Dopo aver condiviso insieme alla Segreteria Regionale UIL FPL, e le altre Organizzazioni Confederali la previsione di un riconoscimento economico per i dipendenti del Sistema Sanitario Regionale Pubblico, riteniamo necessario poter estendere tali riconoscimenti anche al personale modenese delle Case Residenza per anziani, delle Asp e del sistema privato accreditato, gestito in particolare dalla cooperazione sociale. Questo personale si ritrova tutti i giorni in prima linea, spesso a mani nude, senza formazione e addestramento, nel quale il problema della carenza di DPI nelle strutture è ancora attuale.
Nonostante i nostri ripetuti allarmi e l’Ausl stia inviando del proprio personale a supporto, la situazione nelle Case Residenza per anziani del modenese continua ad essere critica. Come UIL FPL denunciamo una sottovalutazione iniziale, ed ora è necessario rafforzare le iniziative dell’Ausl.

Bisogna che le Amministrazioni Comunali e l’AUSL Modena riconoscano , che le CRA , diffuse sull’intero territorio, sono un punto cruciale per un’assistenza non dappertutto efficiente a causa del sottodimensionamento del personale, neppure adeguato alla bassa complessità assistenziale.
Come giudicare la sussistenza di quel diffuso rapporto di un solo infermiere per 11/12 pazienti,tradotto ad un solo infermiere nel turno della notte per 60 ospiti in media, se non si possiede il dono della ubiquità? E’ una condizione non accettabile!
Con un rapporto di un infermiere ogni 60 pazienti si comprende come non sia servito e non serva a sufficienza lo spendersi professionale ed umano a fronte di una politica che ha pensato di poter lesinare sulla spesa per il personale infermieristico, essenziale per quel ”servizio alla salute della persona” che anche nella struttura territoriale, deve trovare le giuste risposte ai bisogni di cura con il rispetto essenziale della “dignità di persona”. E’ il momento della revisione, serve il risveglio delle coscienze e l’investimento nella tutela della salute, e la tutela e sicurezza del lavoro.

Inoltre, è prioritario avviare il progetto di screening su tutto il personale, oltre ad intervenire sulle dimissioni protette, per le quali serve una strategia sull’organizzazione degli spazi, sulla la formazione, ed un coordinamento strutturato.
Chiediamo che i Direttori di Distretto, garanti nel rapporto con i gestori effettuino controlli effettivi delle CRA per garantire condotte efficaci ed omogenee a tutela di ospiti e operatori. Suggeriamo di individuare un referente (possibilmente esterno alla struttura) per la prevenzione e controllo delle Infezioni Correlate all’Assistenza (ICA), adeguatamente formato e che possa fare da riferimento e relazionare sistematicamente ad un comitato multidisciplinare di supporto nell’ambito della struttura o a livello aziendale USL, in stretto contatto con le autorità sanitarie locali.

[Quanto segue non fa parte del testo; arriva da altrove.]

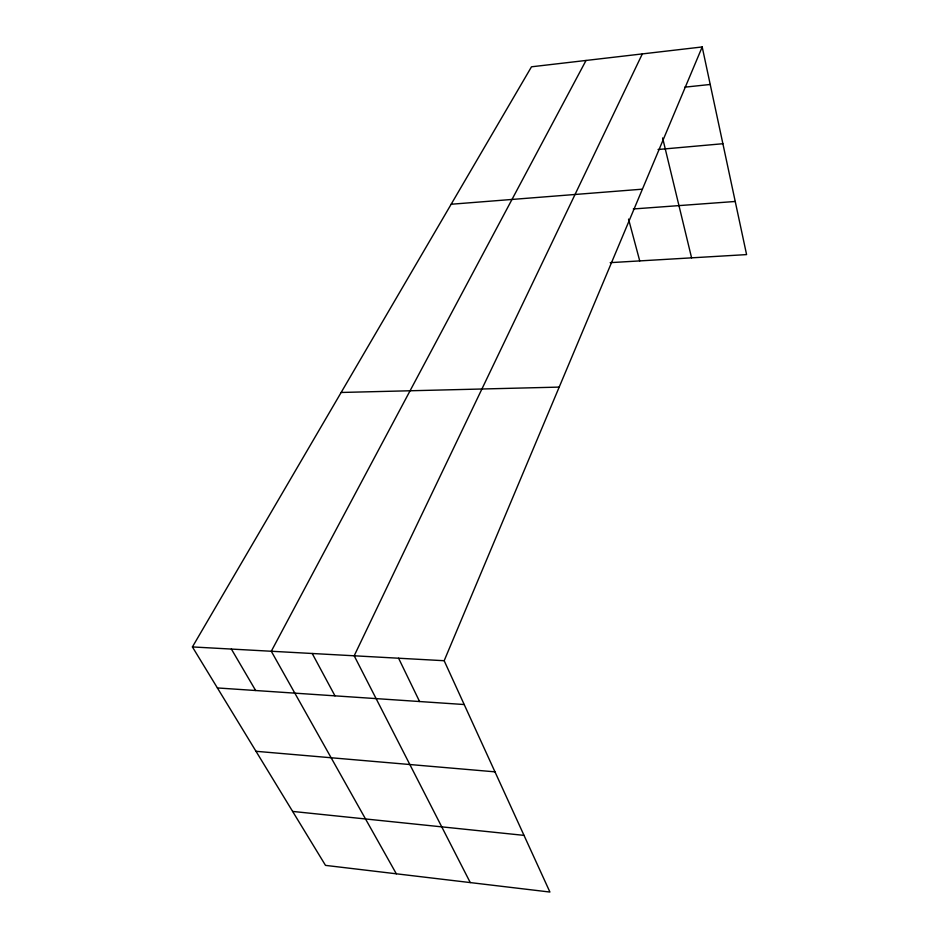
<?xml version="1.0" encoding="UTF-8"?>
<svg xmlns="http://www.w3.org/2000/svg" width="939" height="939" viewBox="0 0 939 939"><rect width="100%" height="100%" fill="white"/><g stroke="black" fill="none" stroke-linecap="round" stroke-linejoin="round"><path stroke-width="1.41" d="M444.17 660.716L702.196 46.95L531.497 66.798L192.413 646.936L325.504 865.382L549.925 892.05L444.17 660.716L192.413 646.936M642.323 53.91L354.191 655.786L470.263 882.578M586.042 60.46L271.289 651.255L396.328 873.798M684.731 87.174L710.213 84.475M658.075 149.512L722.877 143.726M451.166 204.244L642.405 189.173M633.285 208.974L735.225 201.474M610.197 262.65L746.587 254.598L702.196 46.95M341.15 392.467L559.198 387.103M217.402 687.947L464.206 704.532M255.995 751.294L494.97 771.846M292.628 811.425L524.009 835.37M231.37 649.06L255.654 690.517M312.218 653.497L334.977 695.846M398.582 658.216L419.58 701.539M628.543 219.104L639.741 260.913M662.617 137.951L691.585 257.849"/></g></svg>

«Chiediamo dunque le giuste condizioni ed il giusto riconoscimento anche per chi rappresenta l’altro esercito silenzioso, di cui meno si parla, ma che si sta facendo carico di combattere quotidianamente il Covid-19, per assistere le persone più fragili e maggiormente esposte al rischio di contagio». Infine, Direttori di Distretto e la Direzione Socio Sanitaria ripensino alla gestione infermieristica nelle CRA rivalutando il rapporto di personale, e la gestione con personale assunto dall’AUSL in modo da garantire qualità dell’assistenza secondo i principi della sanità pubblica.